AUGO Cash-Secured Put Strategy

AUGO (Aura Minerals), in the Basic Materials sector, (Other Precious Metals industry), listed on NASDAQ.

Aura Minerals Inc. is a company primarily engaged in the production of gold and copper, focusing its efforts on developing and managing various gold and other base metal mining ventures throughout the Americas. Its operational footprint spans several key segments, including the Minosa, Apoena, and Aranzazu Mines, alongside the Almas and Borborema Projects, complemented by its corporate division. The company's core exploration activities are directed towards identifying deposits rich in gold, copper, and silver. Founded in 1946, it initially operated under the name Aura Gold Inc. before officially rebranding to Aura Minerals Inc. in July 2007. Its principal office is situated in Coconut Grove, Florida.

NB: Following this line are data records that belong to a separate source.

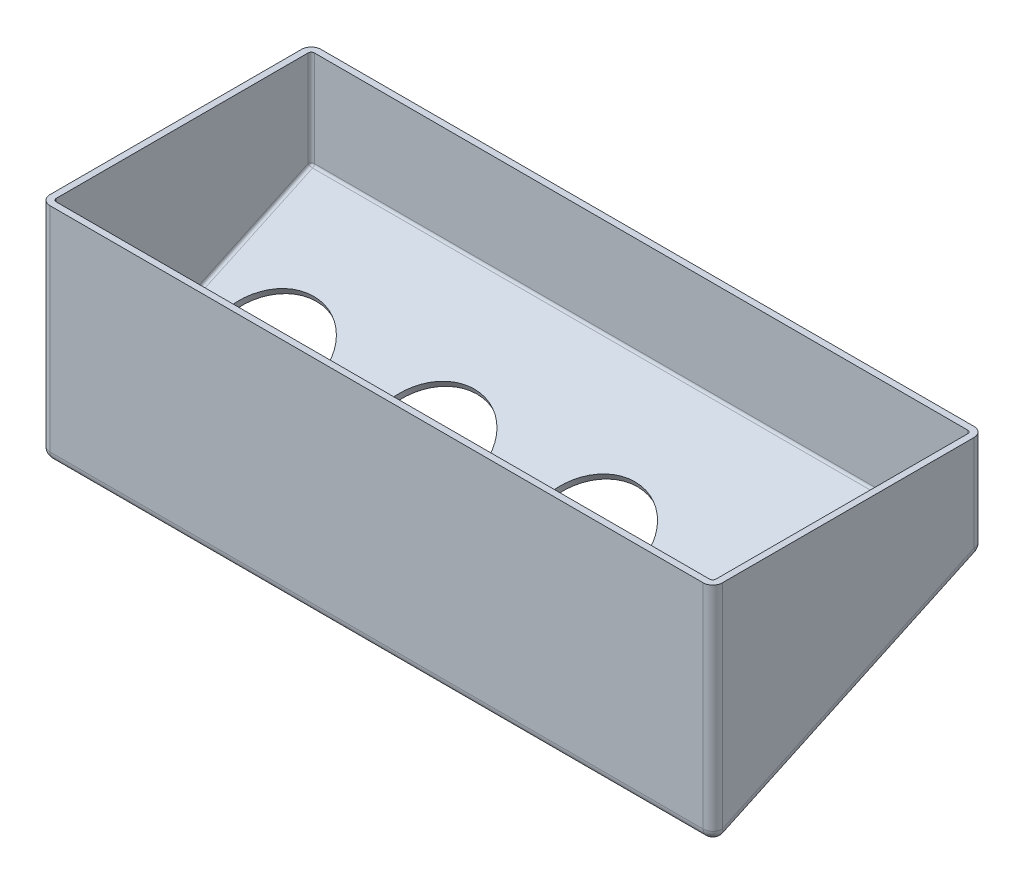
ISO-10303-21;
HEADER;
FILE_DESCRIPTION(('STEP AP214'),'2;1');
FILE_NAME('part.step','',(''),(''),'','','');
FILE_SCHEMA(('AUTOMOTIVE_DESIGN { 1 0 10303 214 1 1 1 1 }'));
ENDSEC;
DATA;
#1=APPLICATION_CONTEXT('core data for automotive mechanical design processes');
#2=APPLICATION_PROTOCOL_DEFINITION('international standard','automotive_design',2000,#1);
#3=PRODUCT_CONTEXT('',#1,'mechanical');
#4=PRODUCT('Part','Part','',(#3));
#5=PRODUCT_RELATED_PRODUCT_CATEGORY('part','',(#4));
#6=PRODUCT_DEFINITION_FORMATION('','',#4);
#7=PRODUCT_DEFINITION_CONTEXT('part definition',#1,'design');
#8=PRODUCT_DEFINITION('design','',#6,#7);
#9=PRODUCT_DEFINITION_SHAPE('','',#8);
#10=(LENGTH_UNIT() NAMED_UNIT(*) SI_UNIT(.MILLI.,.METRE.));
#11=(NAMED_UNIT(*) PLANE_ANGLE_UNIT() SI_UNIT($,.RADIAN.));
#12=(NAMED_UNIT(*) SI_UNIT($,.STERADIAN.) SOLID_ANGLE_UNIT());
#13=UNCERTAINTY_MEASURE_WITH_UNIT(LENGTH_MEASURE(1.E-05),#10,'distance_accuracy_value','');
#14=(GEOMETRIC_REPRESENTATION_CONTEXT(3) GLOBAL_UNCERTAINTY_ASSIGNED_CONTEXT((#13)) GLOBAL_UNIT_ASSIGNED_CONTEXT((#10,
#11,#12)) REPRESENTATION_CONTEXT('',''));
#15=CARTESIAN_POINT('',(0.,0.,0.));
#16=DIRECTION('',(0.,0.,1.));
#17=DIRECTION('',(1.,0.,0.));
#18=AXIS2_PLACEMENT_3D('',#15,#16,#17);
#19=CARTESIAN_POINT('',(167.4876,62.928311729549,-134.9502));
#20=DIRECTION('',(0.,0.,1.));
#21=DIRECTION('',(1.,0.,0.));
#22=AXIS2_PLACEMENT_3D('',#19,#20,#21);
#23=PLANE('',#22);
#24=DIRECTION('',(-1.,0.,0.));
#25=VECTOR('',#24,1.);
#26=CARTESIAN_POINT('',(167.4876,65.9623588466446,-134.9502));
#27=LINE('',#26,#25);
#28=CARTESIAN_POINT('',(162.7251,65.9623588466446,-134.9502));
#29=VERTEX_POINT('',#28);
#30=CARTESIAN_POINT('',(-162.7251,65.9623588466446,-134.9502));
#31=VERTEX_POINT('',#30);
#32=EDGE_CURVE('E283',#29,#31,#27,.T.);
#33=ORIENTED_EDGE('',*,*,#32,.T.);
#34=DIRECTION('',(0.,1.,0.));
#35=VECTOR('',#34,1.);
#36=CARTESIAN_POINT('',(-162.7251,62.928311729549,-134.9502));
#37=LINE('',#36,#35);
#38=CARTESIAN_POINT('',(-162.7251,113.728311729549,-134.9502));
#39=VERTEX_POINT('',#38);
#40=EDGE_CURVE('E285',#31,#39,#37,.T.);
#41=ORIENTED_EDGE('',*,*,#40,.T.);
#42=DIRECTION('',(-1.,0.,0.));
#43=VECTOR('',#42,1.);
#44=CARTESIAN_POINT('',(167.4876,113.728311729549,-134.9502));
#45=LINE('',#44,#43);
#46=CARTESIAN_POINT('',(162.7251,113.728311729549,-134.9502));
#47=VERTEX_POINT('',#46);
#48=EDGE_CURVE('E256',#47,#39,#45,.T.);
#49=ORIENTED_EDGE('',*,*,#48,.F.);
#50=DIRECTION('',(0.,1.,0.));
#51=VECTOR('',#50,1.);
#52=CARTESIAN_POINT('',(162.7251,62.928311729549,-134.9502));
#53=LINE('',#52,#51);
#54=EDGE_CURVE('E281',#47,#29,#53,.F.);
#55=ORIENTED_EDGE('',*,*,#54,.T.);
#56=EDGE_LOOP('',(#33,#41,#49,#55));
#57=FACE_BOUND('',#56,.T.);
#58=ADVANCED_FACE('F34',(#57),#23,.F.);
#59=CARTESIAN_POINT('',(167.4876,113.728311729549,-134.9502));
#60=DIRECTION('',(0.,-1.,0.));
#61=DIRECTION('',(0.,0.,-1.));
#62=AXIS2_PLACEMENT_3D('',#59,#60,#61);
#63=PLANE('',#62);
#64=DIRECTION('',(-1.,0.,0.));
#65=VECTOR('',#64,1.);
#66=CARTESIAN_POINT('',(167.4876,113.728311729549,-131.7752));
#67=LINE('',#66,#65);
#68=CARTESIAN_POINT('',(162.7251,113.728311729549,-131.7752));
#69=VERTEX_POINT('',#68);
#70=CARTESIAN_POINT('',(-162.7251,113.728311729549,-131.7752));
#71=VERTEX_POINT('',#70);
#72=EDGE_CURVE('E191',#69,#71,#67,.T.);
#73=ORIENTED_EDGE('',*,*,#72,.F.);
#74=CARTESIAN_POINT('',(162.7251,113.728311729549,-130.1877));
#75=DIRECTION('',(0.,-1.,0.));
#76=DIRECTION('',(0.,0.,-1.));
#77=AXIS2_PLACEMENT_3D('',#74,#75,#76);
#78=CIRCLE('',#77,1.5875);
#79=CARTESIAN_POINT('',(164.3126,113.728311729549,-130.1877));
#80=VERTEX_POINT('',#79);
#81=EDGE_CURVE('E240',#80,#69,#78,.F.);
#82=ORIENTED_EDGE('',*,*,#81,.F.);
#83=DIRECTION('',(0.,0.,1.));
#84=VECTOR('',#83,1.);
#85=CARTESIAN_POINT('',(164.3126,113.728311729549,-134.9502));
#86=LINE('',#85,#84);
#87=CARTESIAN_POINT('',(164.3126,113.728311729549,-4.7625));
#88=VERTEX_POINT('',#87);
#89=EDGE_CURVE('E51',#80,#88,#86,.T.);
#90=ORIENTED_EDGE('',*,*,#89,.T.);
#91=CARTESIAN_POINT('',(162.7251,113.728311729549,-4.7625));
#92=DIRECTION('',(0.,-1.,0.));
#93=DIRECTION('',(0.,0.,-1.));
#94=AXIS2_PLACEMENT_3D('',#91,#92,#93);
#95=CIRCLE('',#94,1.5875);
#96=CARTESIAN_POINT('',(162.7251,113.728311729549,-3.175));
#97=VERTEX_POINT('',#96);
#98=EDGE_CURVE('E195',#97,#88,#95,.F.);
#99=ORIENTED_EDGE('',*,*,#98,.F.);
#100=DIRECTION('',(-1.,0.,0.));
#101=VECTOR('',#100,1.);
#102=CARTESIAN_POINT('',(167.4876,113.728311729549,-3.175));
#103=LINE('',#102,#101);
#104=CARTESIAN_POINT('',(-162.7251,113.728311729549,-3.175));
#105=VERTEX_POINT('',#104);
#106=EDGE_CURVE('E230',#97,#105,#103,.T.);
#107=ORIENTED_EDGE('',*,*,#106,.T.);
#108=CARTESIAN_POINT('',(-162.7251,113.728311729549,-4.7625));
#109=DIRECTION('',(0.,-1.,0.));
#110=DIRECTION('',(0.,0.,-1.));
#111=AXIS2_PLACEMENT_3D('',#108,#109,#110);
#112=CIRCLE('',#111,1.5875);
#113=CARTESIAN_POINT('',(-164.3126,113.728311729549,-4.7625));
#114=VERTEX_POINT('',#113);
#115=EDGE_CURVE('E234',#114,#105,#112,.F.);
#116=ORIENTED_EDGE('',*,*,#115,.F.);
#117=DIRECTION('',(0.,0.,1.));
#118=VECTOR('',#117,1.);
#119=CARTESIAN_POINT('',(-164.3126,113.728311729549,-134.9502));
#120=LINE('',#119,#118);
#121=CARTESIAN_POINT('',(-164.3126,113.728311729549,-130.1877));
#122=VERTEX_POINT('',#121);
#123=EDGE_CURVE('E235',#122,#114,#120,.T.);
#124=ORIENTED_EDGE('',*,*,#123,.F.);
#125=CARTESIAN_POINT('',(-162.7251,113.728311729549,-130.1877));
#126=DIRECTION('',(0.,-1.,0.));
#127=DIRECTION('',(0.,0.,-1.));
#128=AXIS2_PLACEMENT_3D('',#125,#126,#127);
#129=CIRCLE('',#128,1.5875);
#130=EDGE_CURVE('E231',#71,#122,#129,.F.);
#131=ORIENTED_EDGE('',*,*,#130,.F.);
#132=EDGE_LOOP('',(#73,#82,#90,#99,#107,#116,#124,#131));
#133=FACE_BOUND('',#132,.T.);
#134=ORIENTED_EDGE('',*,*,#48,.T.);
#135=CARTESIAN_POINT('',(-162.7251,113.728311729549,-130.1877));
#136=DIRECTION('',(0.,-1.,0.));
#137=DIRECTION('',(0.,0.,-1.));
#138=AXIS2_PLACEMENT_3D('',#135,#136,#137);
#139=CIRCLE('',#138,4.7625);
#140=CARTESIAN_POINT('',(-167.4876,113.728311729549,-130.1877));
#141=VERTEX_POINT('',#140);
#142=EDGE_CURVE('E293',#39,#141,#139,.F.);
#143=ORIENTED_EDGE('',*,*,#142,.T.);
#144=DIRECTION('',(0.,0.,1.));
#145=VECTOR('',#144,1.);
#146=CARTESIAN_POINT('',(-167.4876,113.728311729549,-134.9502));
#147=LINE('',#146,#145);
#148=CARTESIAN_POINT('',(-167.4876,113.728311729549,-4.7625));
#149=VERTEX_POINT('',#148);
#150=EDGE_CURVE('E250',#141,#149,#147,.T.);
#151=ORIENTED_EDGE('',*,*,#150,.T.);
#152=CARTESIAN_POINT('',(-162.7251,113.728311729549,-4.7625));
#153=DIRECTION('',(0.,-1.,0.));
#154=DIRECTION('',(0.,0.,-1.));
#155=AXIS2_PLACEMENT_3D('',#152,#153,#154);
#156=CIRCLE('',#155,4.7625);
#157=CARTESIAN_POINT('',(-162.7251,113.728311729549,0.));
#158=VERTEX_POINT('',#157);
#159=EDGE_CURVE('E291',#149,#158,#156,.F.);
#160=ORIENTED_EDGE('',*,*,#159,.T.);
#161=DIRECTION('',(-1.,0.,0.));
#162=VECTOR('',#161,1.);
#163=CARTESIAN_POINT('',(167.4876,113.728311729549,0.));
#164=LINE('',#163,#162);
#165=CARTESIAN_POINT('',(162.7251,113.728311729549,0.));
#166=VERTEX_POINT('',#165);
#167=EDGE_CURVE('E249',#166,#158,#164,.T.);
#168=ORIENTED_EDGE('',*,*,#167,.F.);
#169=CARTESIAN_POINT('',(162.7251,113.728311729549,-4.7625));
#170=DIRECTION('',(0.,-1.,0.));
#171=DIRECTION('',(0.,0.,-1.));
#172=AXIS2_PLACEMENT_3D('',#169,#170,#171);
#173=CIRCLE('',#172,4.7625);
#174=CARTESIAN_POINT('',(167.4876,113.728311729549,-4.7625));
#175=VERTEX_POINT('',#174);
#176=EDGE_CURVE('E287',#166,#175,#173,.F.);
#177=ORIENTED_EDGE('',*,*,#176,.T.);
#178=DIRECTION('',(0.,0.,1.));
#179=VECTOR('',#178,1.);
#180=CARTESIAN_POINT('',(167.4876,113.728311729549,-134.9502));
#181=LINE('',#180,#179);
#182=CARTESIAN_POINT('',(167.4876,113.728311729549,-130.1877));
#183=VERTEX_POINT('',#182);
#184=EDGE_CURVE('E246',#183,#175,#181,.T.);
#185=ORIENTED_EDGE('',*,*,#184,.F.);
#186=CARTESIAN_POINT('',(162.7251,113.728311729549,-130.1877));
#187=DIRECTION('',(0.,-1.,0.));
#188=DIRECTION('',(0.,0.,-1.));
#189=AXIS2_PLACEMENT_3D('',#186,#187,#188);
#190=CIRCLE('',#189,4.7625);
#191=EDGE_CURVE('E289',#183,#47,#190,.F.);
#192=ORIENTED_EDGE('',*,*,#191,.T.);
#193=EDGE_LOOP('',(#134,#143,#151,#160,#168,#177,#185,#192));
#194=FACE_BOUND('',#193,.T.);
#195=ADVANCED_FACE('F432',(#133,#194),#63,.F.);
#196=CARTESIAN_POINT('',(167.4876,113.728311729549,0.));
#197=DIRECTION('',(0.,0.,-1.));
#198=DIRECTION('',(-1.,0.,0.));
#199=AXIS2_PLACEMENT_3D('',#196,#197,#198);
#200=PLANE('',#199);
#201=ORIENTED_EDGE('',*,*,#167,.T.);
#202=DIRECTION('',(0.,-1.,0.));
#203=VECTOR('',#202,1.);
#204=CARTESIAN_POINT('',(-162.7251,113.728311729549,0.));
#205=LINE('',#204,#203);
#206=CARTESIAN_POINT('',(-162.7251,7.47562756102206,0.));
#207=VERTEX_POINT('',#206);
#208=EDGE_CURVE('E11',#158,#207,#205,.T.);
#209=ORIENTED_EDGE('',*,*,#208,.T.);
#210=DIRECTION('',(-1.,0.,0.));
#211=VECTOR('',#210,1.);
#212=CARTESIAN_POINT('',(167.4876,7.47562756102206,0.));
#213=LINE('',#212,#211);
#214=CARTESIAN_POINT('',(162.7251,7.47562756102206,0.));
#215=VERTEX_POINT('',#214);
#216=EDGE_CURVE('E58',#207,#215,#213,.F.);
#217=ORIENTED_EDGE('',*,*,#216,.T.);
#218=DIRECTION('',(0.,-1.,0.));
#219=VECTOR('',#218,1.);
#220=CARTESIAN_POINT('',(162.7251,113.728311729549,0.));
#221=LINE('',#220,#219);
#222=EDGE_CURVE('E43',#215,#166,#221,.F.);
#223=ORIENTED_EDGE('',*,*,#222,.T.);
#224=EDGE_LOOP('',(#201,#209,#217,#223));
#225=FACE_BOUND('',#224,.T.);
#226=ADVANCED_FACE('F438',(#225),#200,.F.);
#227=CARTESIAN_POINT('',(167.4876,0.,0.));
#228=DIRECTION('',(0.,0.906307787036649,0.422618261740701));
#229=DIRECTION('',(0.,-0.422618261740701,0.906307787036649));
#230=AXIS2_PLACEMENT_3D('',#227,#228,#229);
#231=PLANE('',#230);
#232=CARTESIAN_POINT('',(-124.5824,33.408426146961,-71.64460107549));
#233=DIRECTION('',(0.,-0.906307787036649,-0.422618261740701));
#234=DIRECTION('',(0.,0.422618261740701,-0.906307787036649));
#235=AXIS2_PLACEMENT_3D('',#232,#233,#234);
#236=CIRCLE('',#235,25.4);
#237=CARTESIAN_POINT('',(-124.5824,44.1429299951748,-94.6648188662209));
#238=VERTEX_POINT('',#237);
#239=EDGE_CURVE('E335',#238,#238,#236,.T.);
#240=ORIENTED_EDGE('',*,*,#239,.F.);
#241=EDGE_LOOP('',(#240));
#242=FACE_BOUND('',#241,.T.);
#243=CARTESIAN_POINT('',(-44.5823999999999,33.408426146961,-71.64460107549));
#244=DIRECTION('',(0.,-0.906307787036649,-0.422618261740701));
#245=DIRECTION('',(0.,0.422618261740701,-0.906307787036649));
#246=AXIS2_PLACEMENT_3D('',#243,#244,#245);
#247=CIRCLE('',#246,25.4);
#248=CARTESIAN_POINT('',(-44.5823999999999,44.1429299951748,-94.6648188662209));
#249=VERTEX_POINT('',#248);
#250=EDGE_CURVE('E819',#249,#249,#247,.T.);
#251=ORIENTED_EDGE('',*,*,#250,.F.);
#252=EDGE_LOOP('',(#251));
#253=FACE_BOUND('',#252,.T.);
#254=CARTESIAN_POINT('',(35.4176000000001,33.408426146961,-71.64460107549));
#255=DIRECTION('',(0.,-0.906307787036649,-0.422618261740701));
#256=DIRECTION('',(0.,0.422618261740701,-0.906307787036649));
#257=AXIS2_PLACEMENT_3D('',#254,#255,#256);
#258=CIRCLE('',#257,25.4);
#259=CARTESIAN_POINT('',(35.4176000000001,44.1429299951748,-94.6648188662209));
#260=VERTEX_POINT('',#259);
#261=EDGE_CURVE('E816',#260,#260,#258,.T.);
#262=ORIENTED_EDGE('',*,*,#261,.F.);
#263=EDGE_LOOP('',(#262));
#264=FACE_BOUND('',#263,.T.);
#265=CARTESIAN_POINT('',(115.4176,33.408426146961,-71.64460107549));
#266=DIRECTION('',(0.,-0.906307787036649,-0.422618261740701));
#267=DIRECTION('',(0.,0.422618261740701,-0.906307787036649));
#268=AXIS2_PLACEMENT_3D('',#265,#266,#267);
#269=CIRCLE('',#268,25.4000000000001);
#270=CARTESIAN_POINT('',(115.4176,44.1429299951748,-94.664818866221));
#271=VERTEX_POINT('',#270);
#272=EDGE_CURVE('E813',#271,#271,#269,.T.);
#273=ORIENTED_EDGE('',*,*,#272,.F.);
#274=EDGE_LOOP('',(#273));
#275=FACE_BOUND('',#274,.T.);
#276=DIRECTION('',(0.,0.422618261740701,-0.906307787036649));
#277=VECTOR('',#276,1.);
#278=CARTESIAN_POINT('',(-162.7251,0.,0.));
#279=LINE('',#278,#277);
#280=CARTESIAN_POINT('',(-162.7251,3.15933672526002,-6.77521947154009));
#281=VERTEX_POINT('',#280);
#282=CARTESIAN_POINT('',(-162.7251,61.6460680108826,-132.20041947154));
#283=VERTEX_POINT('',#282);
#284=EDGE_CURVE('E263',#281,#283,#279,.T.);
#285=ORIENTED_EDGE('',*,*,#284,.T.);
#286=DIRECTION('',(-1.,0.,0.));
#287=VECTOR('',#286,1.);
#288=CARTESIAN_POINT('',(167.4876,61.6460680108826,-132.20041947154));
#289=LINE('',#288,#287);
#290=CARTESIAN_POINT('',(162.7251,61.6460680108826,-132.20041947154));
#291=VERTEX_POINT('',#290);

AUGO (Aura Minerals) trades in the Basic Materials sector, specifically Other Precious Metals, with a market capitalization of approximately $5.37B, a trailing P/E of 58.76, a beta of 0.21 versus the broader market, a 52-week range of 22.243-110.321, average daily share volume of 1.0M, a public-listing history dating back to 2025, approximately 1K full-time employees. These structural characteristics shape how AUGO stock options price implied volatility around earnings windows, capital events, and macro-driven sector rotations.

A beta of 0.21 indicates AUGO has historically moved less than the broader market, dampening realized volatility and producing tighter expected-move bands per unit of dollar exposure. The trailing P/E of 58.76 is on the rich side, which tends to correlate with higher earnings-window IV expansion as the market debates whether forward growth supports the multiple. AUGO pays a dividend, which adjusts put-call parity and shifts the ex-dividend pricing across the listed chain.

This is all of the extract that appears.